You’re reading this right now because the headline at the top did exactly what I wanted you to do, thanks to a free tool I discovered that helps me write punchier headlines.
It’s the Emotional Marketing Value Headline Analyzer and it tells me, within seconds, how well my headline or email subject line appeals to your emotions.
It also assigns a percentage grade to the headline. The one I used above got a grade of 62.5 percent which falls into the “Gifted Copywriter” category. 😛
You can use this tool for blog posts, articles, your website, sales pages, pitches to reporters, White Papers, and even the outside of envelopes on direct mail pieces.
Authors, use it when creating book titles. Speakers, use it when creating titles for your presentations.
But I have to be honest with you. I had to rewrite it about eight times before I finally scored that high!
How I Rewrote My Headlines
Here are earlier versions I wrote, and the lower scores:
Write more powerful headlines with this free tool (25 percent)
Write powerful headlines with this free tool: (28.57 percent)
Use this free tool to write powerful headlines (50 percent)
Use this free tool to write punchier headlines (50 percent)
Write punchy headlines with this free, easy tool (50 percent)
Write punchy headlines using this free, easy tool (62.5 percent. It loves the word free! So do readers just like you)
This is one of 61 free or dirt-cheap tools I’ll be telling you about during tomorrow’s webinar on “61 Publicity Tools in 61 Minutes” from 4 to 5 p.m. Eastern Time.
If the time is inconvenient, register anyway because I’ll send you the video replay and all the bonuses within 72 hours.
How Does Your Headline Writing Score?
Play with the headline analyzer and let me know what you think. Then join me tomorrow and learn about 60 other tools that can save you hours of time, tools that can spare you from weeks of frustration trying to figure out how to solve a problem, and tools that can save you thousands of dollars.
Register for the publicity ideas training here.
Let’s see how well you did.
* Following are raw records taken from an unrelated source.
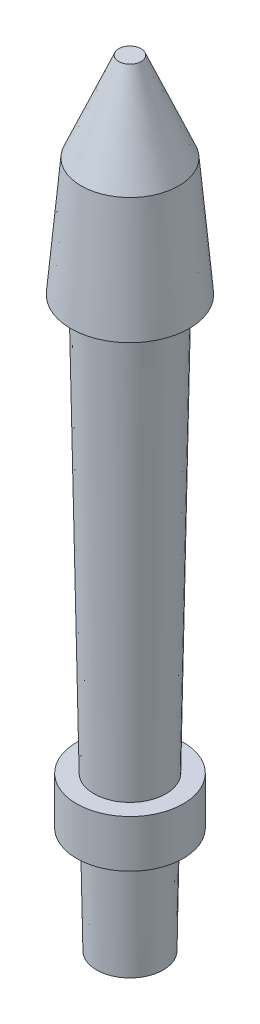
SolidWorks part; units mm, degrees
note: The reader was unsure of these and kept them because the rebuilt part matched: shared geometry of "Sketch1<2>".
ref_plane "前视基准面" through (0, 0, 0) normal (0, 0, 1) x (1, 0, 0)
ref_plane "上视基准面" through (0, 0, 0) normal (0, 1, 0) x (1, 0, 0)
ref_plane "右视基准面" through (0, 0, 0) normal (1, 0, 0) x (0, 0, -1)
other "Configuration Table"
sketch "Sketch1" plane through (0, 0, 0) normal (0, 1, 0) x (1, 0, 0)
  circle A0 centre (0, 0) radius 6.075
  circle A1 centre (0, 0) radius 9
extrude "Boss-Extrude1" add sketch "Sketch1" against normal blind 8
extrude "Boss-Extrude2" add sketch "Sketch1<2>" along normal blind 70 draft 1 and the other way blind 26 draft 1 separate body contours A0
sketch "Sketch1<2>" plane through (0, 0, 0) normal (0, 1, 0) x (1, 0, 0) same geometry as "Sketch1"
sketch "Sketch4" plane through (0, 70, 0) normal (0, 1, 0) x (1, 0, 0)
  circle A0 centre (0, 0) radius 10
extrude "Boss-Extrude3" add sketch "Sketch4" along normal blind 20 draft 5
sketch "Sketch5" plane through (0, 90, 0) normal (0, 1, 0) x (1, 0, 0)
  circle A0 centre (0, 0) radius 8.2502
extrude "Boss-Extrude4" add sketch "Sketch5" along normal blind 15 draft 23

In the Comments below, give us the “before” and “after” versions of your headline, and the scores. Do you like the tool? How will you use it?
Gary Greenfield says
Just used this tool to create a title for a blog post. In five minutes of manipulating relatively the same words I created a range of EMV scores that ran from zero to 83.33%. Which one of the titles do you think I will use!!! Thanks, Joan, for the tip.
Joan Stewart says
Wow! 83.3 percent? Spectacular.
Gary, promise me you’ll come back here and give us the link to the post so we can see the finished headline. In fact, we’d love to see several of the earlier, duller, lower-scoring versions.
McKenna Donovan says
Joan, this is inspired, thank you! You mentioned using it for blog posts, article titles, etc., but I suspect it’s also peg-on for taglines for businesses and websites. I moved my tagline from 33.3% to 78.3%. I’m going to keep working through it, but this tool takes the guesswork and worry about of writing the eye-catching titles we need. Thank you!
Joan Stewart says
Taglines, sub-titles, chapter titles–yes, they’d all benefit from this tool. I’d love to see the before-and-after taglines you created.
Also, I should have mentioned that another very important consideration in creating headlines and titles is keywords. You can have a headline that makes them so emotional their blood pressure is off the charts. But if it’s online, and the search engines can’t find it because it doesn’t include your important keywords, how much have you really accomplished? Thanks for sharing this with us, McKenna.
Jake Devlin says
Good article, just got to me via Future of Ink email (April 2014), so this is a bit tardy. Anyhow, here are my results from a quick test:
First try: Ten reasons why you should never vote – 25%
2nd: Top ten reasons you should never vote … ever – 33.33%
3rd: I forgot this’n.
4th: Top 10 reasons democracy fails – 80.00%
Joan Stewart says
See how easy it is, Jake?
Jake Devlin says
Yup, very cool. Gonna play with some of the other tools you listed, especially for my Twitterations, in the near future.
Joan Stewart says
Great! Thanks for stopping by to comment, Jake.